James David Majors had been convicted of killing three in California but had been accused of killing several more in Arizona
SAN QUENTIN, California — He beat them to the punch.
A death row inmate in California has died, but not at the hands of the state.
James David Majors, 69, who had been on death row since 1991, was pronounced dead Thursday morning at a hospital near San Quentin State Prison, the California Department of Correction announced.
The cause of death was being investigated.
Majors was sentenced to die by a Sacramento County jury for the gangland drug slayings of Thomas Probst, Jeanine Copeland and Patrick Mungavin in Fair oaks in 1989
Authorities had charged Majors and his accomplice, Robert Reese, of traveling to California from Arizona to buy a pound of methamphetamine from the three victims.

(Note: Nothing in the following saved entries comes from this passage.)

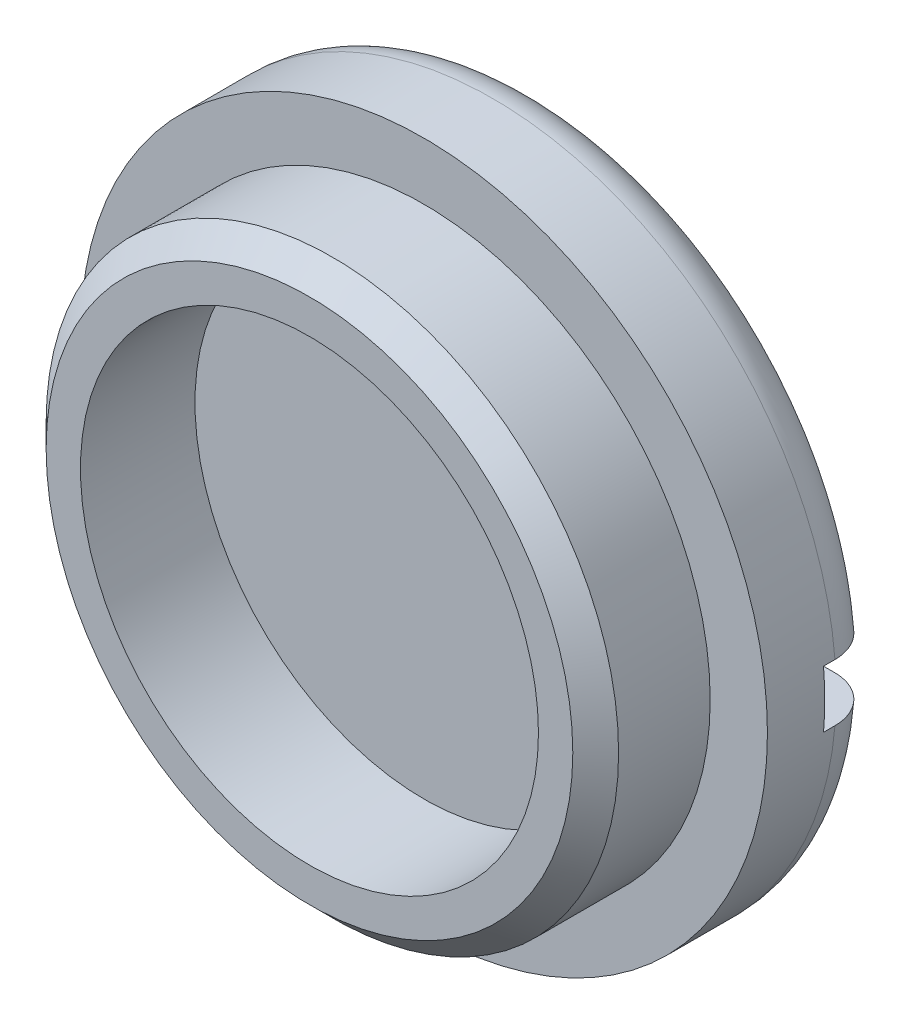
ISO-10303-21;
HEADER;
FILE_DESCRIPTION(('STEP AP214'),'2;1');
FILE_NAME('part.step','',(''),(''),'','','');
FILE_SCHEMA(('AUTOMOTIVE_DESIGN { 1 0 10303 214 1 1 1 1 }'));
ENDSEC;
DATA;
#1=APPLICATION_CONTEXT('core data for automotive mechanical design processes');
#2=APPLICATION_PROTOCOL_DEFINITION('international standard','automotive_design',2000,#1);
#3=PRODUCT_CONTEXT('',#1,'mechanical');
#4=PRODUCT('Part','Part','',(#3));
#5=PRODUCT_RELATED_PRODUCT_CATEGORY('part','',(#4));
#6=PRODUCT_DEFINITION_FORMATION('','',#4);
#7=PRODUCT_DEFINITION_CONTEXT('part definition',#1,'design');
#8=PRODUCT_DEFINITION('design','',#6,#7);
#9=PRODUCT_DEFINITION_SHAPE('','',#8);
#10=(LENGTH_UNIT() NAMED_UNIT(*) SI_UNIT(.MILLI.,.METRE.));
#11=(NAMED_UNIT(*) PLANE_ANGLE_UNIT() SI_UNIT($,.RADIAN.));
#12=(NAMED_UNIT(*) SI_UNIT($,.STERADIAN.) SOLID_ANGLE_UNIT());
#13=UNCERTAINTY_MEASURE_WITH_UNIT(LENGTH_MEASURE(1.E-05),#10,'distance_accuracy_value','');
#14=(GEOMETRIC_REPRESENTATION_CONTEXT(3) GLOBAL_UNCERTAINTY_ASSIGNED_CONTEXT((#13)) GLOBAL_UNIT_ASSIGNED_CONTEXT((#10,
#11,#12)) REPRESENTATION_CONTEXT('',''));
#15=CARTESIAN_POINT('',(0.,0.,0.));
#16=DIRECTION('',(0.,0.,1.));
#17=DIRECTION('',(1.,0.,0.));
#18=AXIS2_PLACEMENT_3D('',#15,#16,#17);
#19=CARTESIAN_POINT('',(0.,0.,31.9890223080271));
#20=DIRECTION('',(0.,0.,1.));
#21=DIRECTION('',(1.,0.,0.));
#22=AXIS2_PLACEMENT_3D('',#19,#20,#21);
#23=CYLINDRICAL_SURFACE('',#22,19.05);
#24=CARTESIAN_POINT('',(0.,0.,-6.35));
#25=DIRECTION('',(0.,0.,1.));
#26=DIRECTION('',(1.,0.,0.));
#27=AXIS2_PLACEMENT_3D('',#24,#25,#26);
#28=CIRCLE('',#27,19.05);
#29=CARTESIAN_POINT('',(19.05,0.,-6.35));
#30=VERTEX_POINT('',#29);
#31=EDGE_CURVE('E201',#30,#30,#28,.T.);
#32=ORIENTED_EDGE('',*,*,#31,.F.);
#33=EDGE_LOOP('',(#32));
#34=FACE_BOUND('',#33,.T.);
#35=DIRECTION('',(0.,0.,1.));
#36=VECTOR('',#35,1.);
#37=CARTESIAN_POINT('',(18.9837389296735,1.58750000000001,31.9890223080271));
#38=LINE('',#37,#36);
#39=CARTESIAN_POINT('',(18.9837389296735,1.5875,-9.525));
#40=VERTEX_POINT('',#39);
#41=CARTESIAN_POINT('',(18.9837389296735,1.58750000000001,-10.16));
#42=VERTEX_POINT('',#41);
#43=EDGE_CURVE('E87',#40,#42,#38,.F.);
#44=ORIENTED_EDGE('',*,*,#43,.T.);
#45=CARTESIAN_POINT('',(0.,0.,-10.16));
#46=DIRECTION('',(0.,0.,-1.));
#47=DIRECTION('',(-1.,0.,0.));
#48=AXIS2_PLACEMENT_3D('',#45,#46,#47);
#49=CIRCLE('',#48,19.05);
#50=CARTESIAN_POINT('',(-18.9837389296735,1.58750000000001,-10.16));
#51=VERTEX_POINT('',#50);
#52=EDGE_CURVE('E116',#42,#51,#49,.F.);
#53=ORIENTED_EDGE('',*,*,#52,.T.);
#54=DIRECTION('',(0.,0.,1.));
#55=VECTOR('',#54,1.);
#56=CARTESIAN_POINT('',(-18.9837389296735,1.58750000000001,31.9890223080271));
#57=LINE('',#56,#55);
#58=CARTESIAN_POINT('',(-18.9837389296735,1.5875,-9.525));
#59=VERTEX_POINT('',#58);
#60=EDGE_CURVE('E100',#51,#59,#57,.T.);
#61=ORIENTED_EDGE('',*,*,#60,.T.);
#62=CARTESIAN_POINT('',(0.,0.,-9.52500000000001));
#63=DIRECTION('',(0.,0.,-1.));
#64=DIRECTION('',(0.,1.,0.));
#65=AXIS2_PLACEMENT_3D('',#62,#63,#64);
#66=CIRCLE('',#65,19.05);
#67=CARTESIAN_POINT('',(-18.9837389296735,-1.5875,-9.52500000000001));
#68=VERTEX_POINT('',#67);
#69=EDGE_CURVE('E110',#59,#68,#66,.F.);
#70=ORIENTED_EDGE('',*,*,#69,.T.);
#71=DIRECTION('',(0.,0.,1.));
#72=VECTOR('',#71,1.);
#73=CARTESIAN_POINT('',(-18.9837389296735,-1.58750000000001,31.9890223080271));
#74=LINE('',#73,#72);
#75=CARTESIAN_POINT('',(-18.9837389296735,-1.58750000000001,-10.16));
#76=VERTEX_POINT('',#75);
#77=EDGE_CURVE('E209',#68,#76,#74,.F.);
#78=ORIENTED_EDGE('',*,*,#77,.T.);
#79=CARTESIAN_POINT('',(0.,0.,-10.16));
#80=DIRECTION('',(0.,0.,-1.));
#81=DIRECTION('',(-1.,0.,0.));
#82=AXIS2_PLACEMENT_3D('',#79,#80,#81);
#83=CIRCLE('',#82,19.05);
#84=CARTESIAN_POINT('',(18.9837389296735,-1.58750000000001,-10.16));
#85=VERTEX_POINT('',#84);
#86=EDGE_CURVE('E114',#76,#85,#83,.F.);
#87=ORIENTED_EDGE('',*,*,#86,.T.);
#88=DIRECTION('',(0.,0.,1.));
#89=VECTOR('',#88,1.);
#90=CARTESIAN_POINT('',(18.9837389296735,-1.58750000000001,31.9890223080271));
#91=LINE('',#90,#89);
#92=CARTESIAN_POINT('',(18.9837389296735,-1.5875,-9.52500000000001));
#93=VERTEX_POINT('',#92);
#94=EDGE_CURVE('E99',#85,#93,#91,.T.);
#95=ORIENTED_EDGE('',*,*,#94,.T.);
#96=EDGE_CURVE('E107',#93,#40,#66,.F.);
#97=ORIENTED_EDGE('',*,*,#96,.T.);
#98=EDGE_LOOP('',(#44,#53,#61,#70,#78,#87,#95,#97));
#99=FACE_BOUND('',#98,.T.);
#100=ADVANCED_FACE('F34',(#34,#99),#23,.T.);
#101=CARTESIAN_POINT('',(19.05,0.,-12.7));
#102=DIRECTION('',(0.,0.,-1.));
#103=DIRECTION('',(-1.,0.,0.));
#104=AXIS2_PLACEMENT_3D('',#101,#102,#103);
#105=PLANE('',#104);
#106=DIRECTION('',(1.,0.,0.));
#107=VECTOR('',#106,1.);
#108=CARTESIAN_POINT('',(19.05,-1.5875,-12.7));
#109=LINE('',#108,#107);
#110=CARTESIAN_POINT('',(-16.4335006541516,-1.5875,-12.7));
#111=VERTEX_POINT('',#110);
#112=CARTESIAN_POINT('',(16.4335006541516,-1.5875,-12.7));
#113=VERTEX_POINT('',#112);
#114=EDGE_CURVE('E118',#111,#113,#109,.T.);
#115=ORIENTED_EDGE('',*,*,#114,.T.);
#116=CARTESIAN_POINT('',(0.,0.,-12.7));
#117=DIRECTION('',(0.,0.,-1.));
#118=DIRECTION('',(-1.,0.,0.));
#119=AXIS2_PLACEMENT_3D('',#116,#117,#118);
#120=CIRCLE('',#119,16.51);
#121=EDGE_CURVE('E55',#113,#111,#120,.T.);
#122=ORIENTED_EDGE('',*,*,#121,.T.);
#123=EDGE_LOOP('',(#115,#122));
#124=FACE_BOUND('',#123,.T.);
#125=ADVANCED_FACE('F170',(#124),#105,.T.);
#126=DIRECTION('',(-1.,0.,0.));
#127=VECTOR('',#126,1.);
#128=CARTESIAN_POINT('',(19.05,1.5875,-12.7));
#129=LINE('',#128,#127);
#130=CARTESIAN_POINT('',(16.4335006541516,1.5875,-12.7));
#131=VERTEX_POINT('',#130);
#132=CARTESIAN_POINT('',(-16.4335006541516,1.5875,-12.7));
#133=VERTEX_POINT('',#132);
#134=EDGE_CURVE('E196',#131,#133,#129,.T.);
#135=ORIENTED_EDGE('',*,*,#134,.T.);
#136=CARTESIAN_POINT('',(0.,0.,-12.7));
#137=DIRECTION('',(0.,0.,-1.));
#138=DIRECTION('',(-1.,0.,0.));
#139=AXIS2_PLACEMENT_3D('',#136,#137,#138);
#140=CIRCLE('',#139,16.51);
#141=EDGE_CURVE('E216',#133,#131,#140,.T.);
#142=ORIENTED_EDGE('',*,*,#141,.T.);
#143=EDGE_LOOP('',(#135,#142));
#144=FACE_BOUND('',#143,.T.);
#145=ADVANCED_FACE('F173',(#144),#105,.T.);
#146=CARTESIAN_POINT('',(0.,0.,31.9890223080271));
#147=DIRECTION('',(0.,0.,1.));
#148=DIRECTION('',(1.,0.,0.));
#149=AXIS2_PLACEMENT_3D('',#146,#147,#148);
#150=CYLINDRICAL_SURFACE('',#149,12.7);
#151=CARTESIAN_POINT('',(0.,0.,0.));
#152=DIRECTION('',(0.,0.,1.));
#153=DIRECTION('',(1.,0.,0.));
#154=AXIS2_PLACEMENT_3D('',#151,#152,#153);
#155=CIRCLE('',#154,12.7);
#156=CARTESIAN_POINT('',(12.7,0.,0.));
#157=VERTEX_POINT('',#156);
#158=EDGE_CURVE('E195',#157,#157,#155,.T.);
#159=ORIENTED_EDGE('',*,*,#158,.T.);
#160=EDGE_LOOP('',(#159));
#161=FACE_BOUND('',#160,.T.);
#162=CARTESIAN_POINT('',(0.,0.,-6.35));
#163=DIRECTION('',(0.,0.,1.));
#164=DIRECTION('',(1.,0.,0.));
#165=AXIS2_PLACEMENT_3D('',#162,#163,#164);
#166=CIRCLE('',#165,12.7);
#167=CARTESIAN_POINT('',(12.7,0.,-6.35));
#168=VERTEX_POINT('',#167);
#169=EDGE_CURVE('E206',#168,#168,#166,.T.);
#170=ORIENTED_EDGE('',*,*,#169,.F.);
#171=EDGE_LOOP('',(#170));
#172=FACE_BOUND('',#171,.T.);
#173=ADVANCED_FACE('F143',(#161,#172),#150,.F.);
#174=CARTESIAN_POINT('',(12.7,0.,0.));
#175=DIRECTION('',(0.,0.,1.));
#176=DIRECTION('',(1.,0.,0.));
#177=AXIS2_PLACEMENT_3D('',#174,#175,#176);
#178=PLANE('',#177);
#179=CARTESIAN_POINT('',(0.,0.,0.));
#180=DIRECTION('',(0.,0.,1.));
#181=DIRECTION('',(1.,0.,0.));
#182=AXIS2_PLACEMENT_3D('',#179,#180,#181);
#183=CIRCLE('',#182,14.605);
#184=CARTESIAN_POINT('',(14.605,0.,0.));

Once inside the home, the men shot and killed the victims and stole cash, drugs and jewelry from a safe.
The victims were later discovered by Copeland’s 8-year-old son.
A month after the killings, Reese was found shot to death in Arizona. A Phoenix restaurant owner and crime syndicate member, Giuseppe “Joe” Calo, pleaded guilty in 1992 to the murders of Reese and six others. He told authorities that Majors had been the hitman in all seven killings, at the orders of local drug dealers, although he was never charged.
Corrections officials say that of the 888 people sentenced to die in California since the death penalty was reinstated there in 1978, 71 have died of natural causes. Another 25 have committed suicide and eight died of other causes. The cause of death in two cases, including Majors’, remains pending.
In total, California has executed 13 condemned inmates since 1978, while two other were executed in other states.